» What this task involves: Where a picture appears, leave it out, and print the rest of the records as they are.

-------- Supplied data --------

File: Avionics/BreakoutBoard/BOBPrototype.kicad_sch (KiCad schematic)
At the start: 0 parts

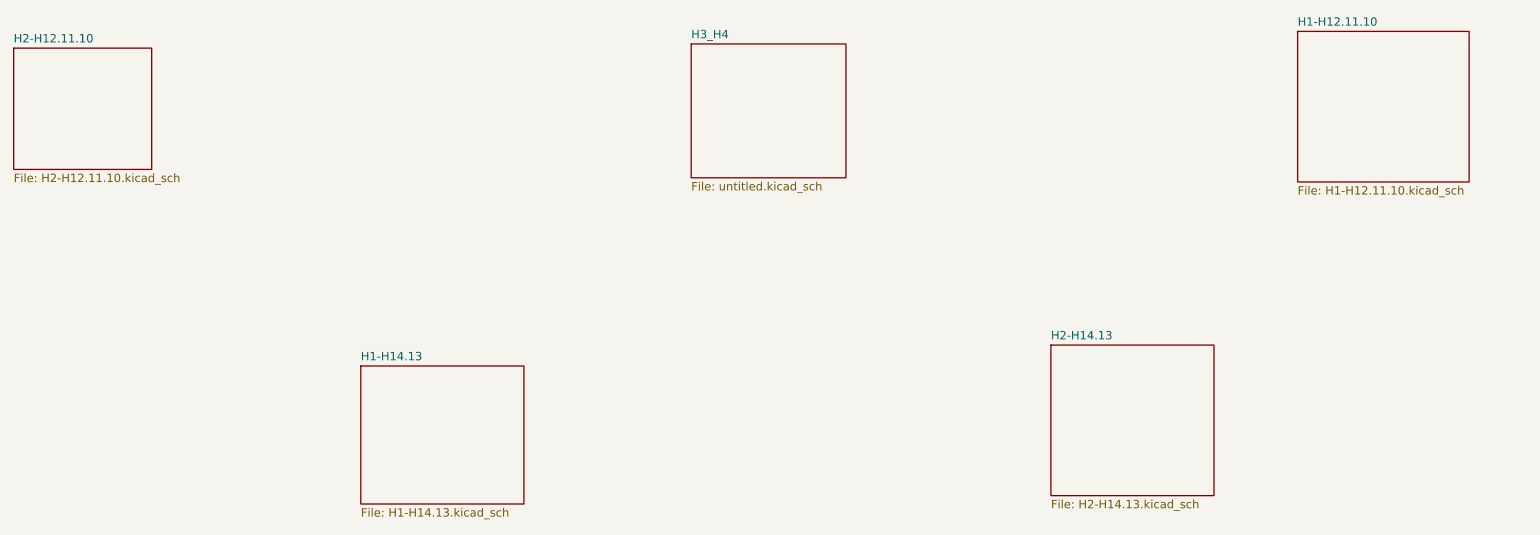
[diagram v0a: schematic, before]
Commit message: Add files via upload
Sephora Poteau, updates:
- Adding where power is presumed to come from
- Added where pins should be connected to GND on H3 and H4
- Changed layout of H1 and H2 so that all symbols would be on one sheet
- Adding footprints to all symbols
- Created outline for board according to PC104 standards
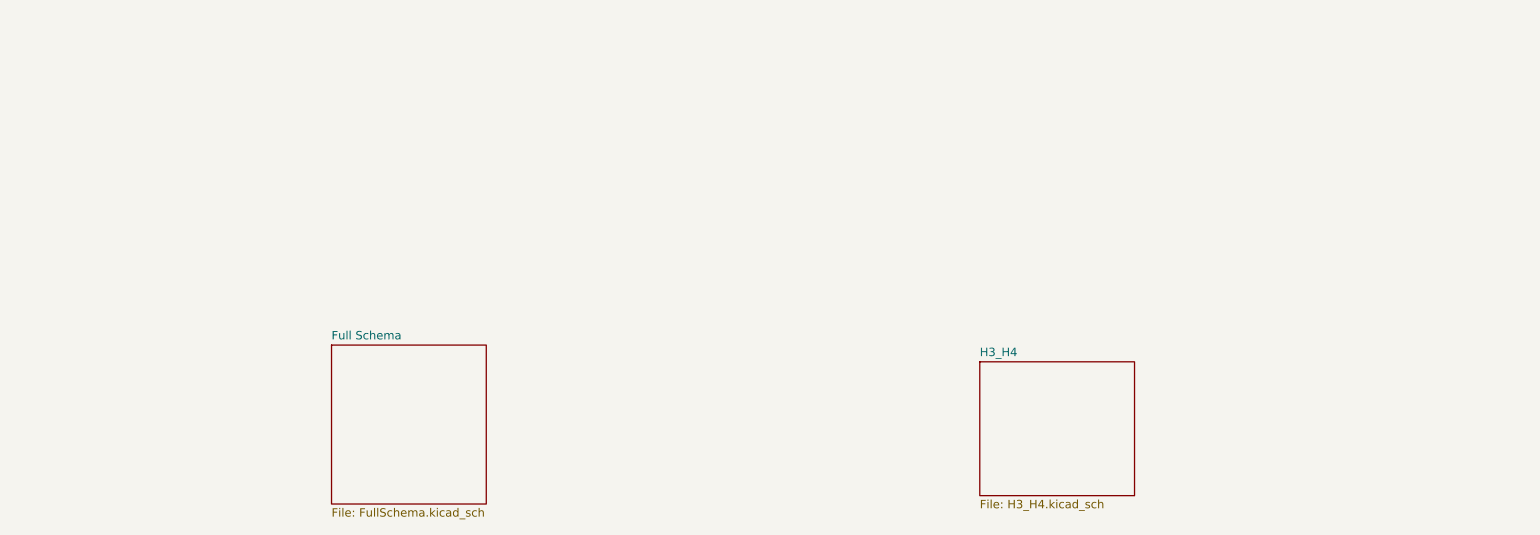
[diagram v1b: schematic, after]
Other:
- removed sheet H1-H12.11.10
- removed sheet H1-H14.13
- removed sheet H2-H12.11.10
- removed sheet H2-H14.13
- added sheet Full Schema (FullSchema.kicad_sch)
- sheet H3_H4: file untitled.kicad_sch -> H3_H4.kicad_sch
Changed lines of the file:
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@@
 	(paper "A4")
 	(sheet
-		(at 135.255 28.575)
+		(at 179.07 76.835)
 		(size 23.495 20.32)
 		(fields_autoplaced yes)
@@
 		)
 		(property "Sheetname" "H3_H4"
-			(at 135.255 27.8634 0)
+			(at 179.07 76.1234 0)
 			(effects
 				(font
@@
 			)
 		)
-		(property "Sheetfile" "untitled.kicad_sch"
-			(at 135.255 49.4796 0)
-			(effects
-				(font
-					(size 1.27 1.27)
-				)
-				(justify left top)
-			)
-		)
-		(instances
-			(project "BOBPrototype"
-				(path "/4940c63c-65b5-4f17-bae9-f8f159cf243f"
-					(page "6")
-				)
-			)
-		)
-	)
-	(sheet
-		(at 227.33 26.67)
-		(size 26.035 22.86)
-		(fields_autoplaced yes)
-		(stroke
-			(width 0.1524)
-			(type solid)
-		)
-		(fill
-			(color 0 0 0 0.0000)
-		)
-		(property "Sheetname" "H1-H12.11.10"
-			(at 227.33 25.9584 0)
-			(effects
-				(font
-					(size 1.27 1.27)
-				)
-				(justify left bottom)
-			)
-		)
-		(property "Sheetfile" "H1-H12.11.10.kicad_sch"
-			(at 227.33 50.1146 0)
-			(effects
-				(font
-					(size 1.27 1.27)
-				)
-				(justify left top)
-			)
-		)
-		(instances
-			(project "BOBPrototype"
-				(path "/4940c63c-65b5-4f17-bae9-f8f159cf243f"
-					(page "2")
-				)
-			)
-		)
-	)
-	(sheet
-		(at 85.09 77.47)
-		(size 24.765 20.955)
-		(fields_autoplaced yes)
-		(stroke
-			(width 0.1524)
-			(type solid)
-		)
-		(fill
-			(color 0 0 0 0.0000)
-		)
-		(property "Sheetname" "H1-H14.13"
-			(at 85.09 76.7584 0)
-			(effects
-				(font
-					(size 1.27 1.27)
-				)
-				(justify left bottom)
-			)
-		)
-		(property "Sheetfile" "H1-H14.13.kicad_sch"
-			(at 85.09 99.0096 0)
+		(property "Sheetfile" "H3_H4.kicad_sch"
+			(at 179.07 97.7396 0)
 			(effects
 				(font
@@
 	)
 	(sheet
-		(at 32.385 29.21)
-		(size 20.955 18.415)
+		(at 80.645 74.295)
+		(size 23.495 24.13)
 		(fields_autoplaced yes)
 		(stroke
@@
 			(color 0 0 0 0.0000)
 		)
-		(property "Sheetname" "H2-H12.11.10"
-			(at 32.385 28.4984 0)
+		(property "Sheetname" "Full Schema"
+			(at 80.645 73.5834 0)
 			(effects
 				(font
@@
 			)
 		)
-		(property "Sheetfile" "H2-H12.11.10.kicad_sch"
-			(at 32.385 48.2096 0)
+		(property "Sheetfile" "FullSchema.kicad_sch"
+			(at 80.645 99.0096 0)
 			(effects
 				(font
@@
 			(project "BOBPrototype"
 				(path "/4940c63c-65b5-4f17-bae9-f8f159cf243f"
-					(page "4")
+					(page "2")
 				)
 			)
-		)
-	)
-	(sheet
-		(at 189.865 74.295)
-		(size 24.765 22.86)
-		(fields_autoplaced yes)
-		(stroke
-			(width 0.1524)
-			(type solid)
-		)
-		(fill
-			(color 0 0 0 0.0000)
-		)
-		(property "Sheetname" "H2-H14.13"
-			(at 189.865 73.5834 0)
-			(effects
-				(font
-					(size 1.27 1.27)
-				)
-				(justify left bottom)
-			)
-		)
-		(property "Sheetfile" "H2-H14.13.kicad_sch"
-			(at 189.865 97.7396 0)
-			(effects
-				(font
-					(size 1.27 1.27)
-				)
-				(justify left top)
-			)
-		)
-		(instances
-			(project "BOBPrototype"
-				(path "/4940c63c-65b5-4f17-bae9-f8f159cf243f"
-					(page "5")
-				)
-			)

--------

» Your solution:
File: Avionics/BreakoutBoard/BOBPrototype.kicad_sch (KiCad schematic)
At the start: 0 parts

[diagram v0a: schematic, before]
Commit message: Add files via upload
Sephora Poteau, updates:
- Adding where power is presumed to come from
- Added where pins should be connected to GND on H3 and H4
- Changed layout of H1 and H2 so that all symbols would be on one sheet
- Adding footprints to all symbols
- Created outline for board according to PC104 standards
[diagram v1b: schematic, after]
Other:
- removed sheet H1-H12.11.10
- removed sheet H1-H14.13
- removed sheet H2-H12.11.10
- removed sheet H2-H14.13
- added sheet Full Schema (FullSchema.kicad_sch)
- sheet H3_H4: file untitled.kicad_sch -> H3_H4.kicad_sch
Changed lines of the file:
@@
 	(paper "A4")
 	(sheet
-		(at 135.255 28.575)
+		(at 179.07 76.835)
 		(size 23.495 20.32)
 		(fields_autoplaced yes)
@@
 		)
 		(property "Sheetname" "H3_H4"
-			(at 135.255 27.8634 0)
+			(at 179.07 76.1234 0)
 			(effects
 				(font
@@
 			)
 		)
-		(property "Sheetfile" "untitled.kicad_sch"
-			(at 135.255 49.4796 0)
-			(effects
-				(font
-					(size 1.27 1.27)
-				)
-				(justify left top)
-			)
-		)
-		(instances
-			(project "BOBPrototype"
-				(path "/4940c63c-65b5-4f17-bae9-f8f159cf243f"
-					(page "6")
-				)
-			)
-		)
-	)
-	(sheet
-		(at 227.33 26.67)
-		(size 26.035 22.86)
-		(fields_autoplaced yes)
-		(stroke
-			(width 0.1524)
-			(type solid)
-		)
-		(fill
-			(color 0 0 0 0.0000)
-		)
-		(property "Sheetname" "H1-H12.11.10"
-			(at 227.33 25.9584 0)
-			(effects
-				(font
-					(size 1.27 1.27)
-				)
-				(justify left bottom)
-			)
-		)
-		(property "Sheetfile" "H1-H12.11.10.kicad_sch"
-			(at 227.33 50.1146 0)
-			(effects
-				(font
-					(size 1.27 1.27)
-				)
-				(justify left top)
-			)
-		)
-		(instances
-			(project "BOBPrototype"
-				(path "/4940c63c-65b5-4f17-bae9-f8f159cf243f"
-					(page "2")
-				)
-			)
-		)
-	)
-	(sheet
-		(at 85.09 77.47)
-		(size 24.765 20.955)
-		(fields_autoplaced yes)
-		(stroke
-			(width 0.1524)
-			(type solid)
-		)
-		(fill
-			(color 0 0 0 0.0000)
-		)
-		(property "Sheetname" "H1-H14.13"
-			(at 85.09 76.7584 0)
-			(effects
-				(font
-					(size 1.27 1.27)
-				)
-				(justify left bottom)
-			)
-		)
-		(property "Sheetfile" "H1-H14.13.kicad_sch"
-			(at 85.09 99.0096 0)
+		(property "Sheetfile" "H3_H4.kicad_sch"
+			(at 179.07 97.7396 0)
 			(effects
 				(font
@@
 	)
 	(sheet
-		(at 32.385 29.21)
-		(size 20.955 18.415)
+		(at 80.645 74.295)
+		(size 23.495 24.13)
 		(fields_autoplaced yes)
 		(stroke
@@
 			(color 0 0 0 0.0000)
 		)
-		(property "Sheetname" "H2-H12.11.10"
-			(at 32.385 28.4984 0)
+		(property "Sheetname" "Full Schema"
+			(at 80.645 73.5834 0)
 			(effects
 				(font
@@
 			)
 		)
-		(property "Sheetfile" "H2-H12.11.10.kicad_sch"
-			(at 32.385 48.2096 0)
+		(property "Sheetfile" "FullSchema.kicad_sch"
+			(at 80.645 99.0096 0)
 			(effects
 				(font
@@
 			(project "BOBPrototype"
 				(path "/4940c63c-65b5-4f17-bae9-f8f159cf243f"
-					(page "4")
+					(page "2")
 				)
 			)
-		)
-	)
-	(sheet
-		(at 189.865 74.295)
-		(size 24.765 22.86)
-		(fields_autoplaced yes)
-		(stroke
-			(width 0.1524)
-			(type solid)
-		)
-		(fill
-			(color 0 0 0 0.0000)
-		)
-		(property "Sheetname" "H2-H14.13"
-			(at 189.865 73.5834 0)
-			(effects
-				(font
-					(size 1.27 1.27)
-				)
-				(justify left bottom)
-			)
-		)
-		(property "Sheetfile" "H2-H14.13.kicad_sch"
-			(at 189.865 97.7396 0)
-			(effects
-				(font
-					(size 1.27 1.27)
-				)
-				(justify left top)
-			)
-		)
-		(instances
-			(project "BOBPrototype"
-				(path "/4940c63c-65b5-4f17-bae9-f8f159cf243f"
-					(page "5")
-				)
-			)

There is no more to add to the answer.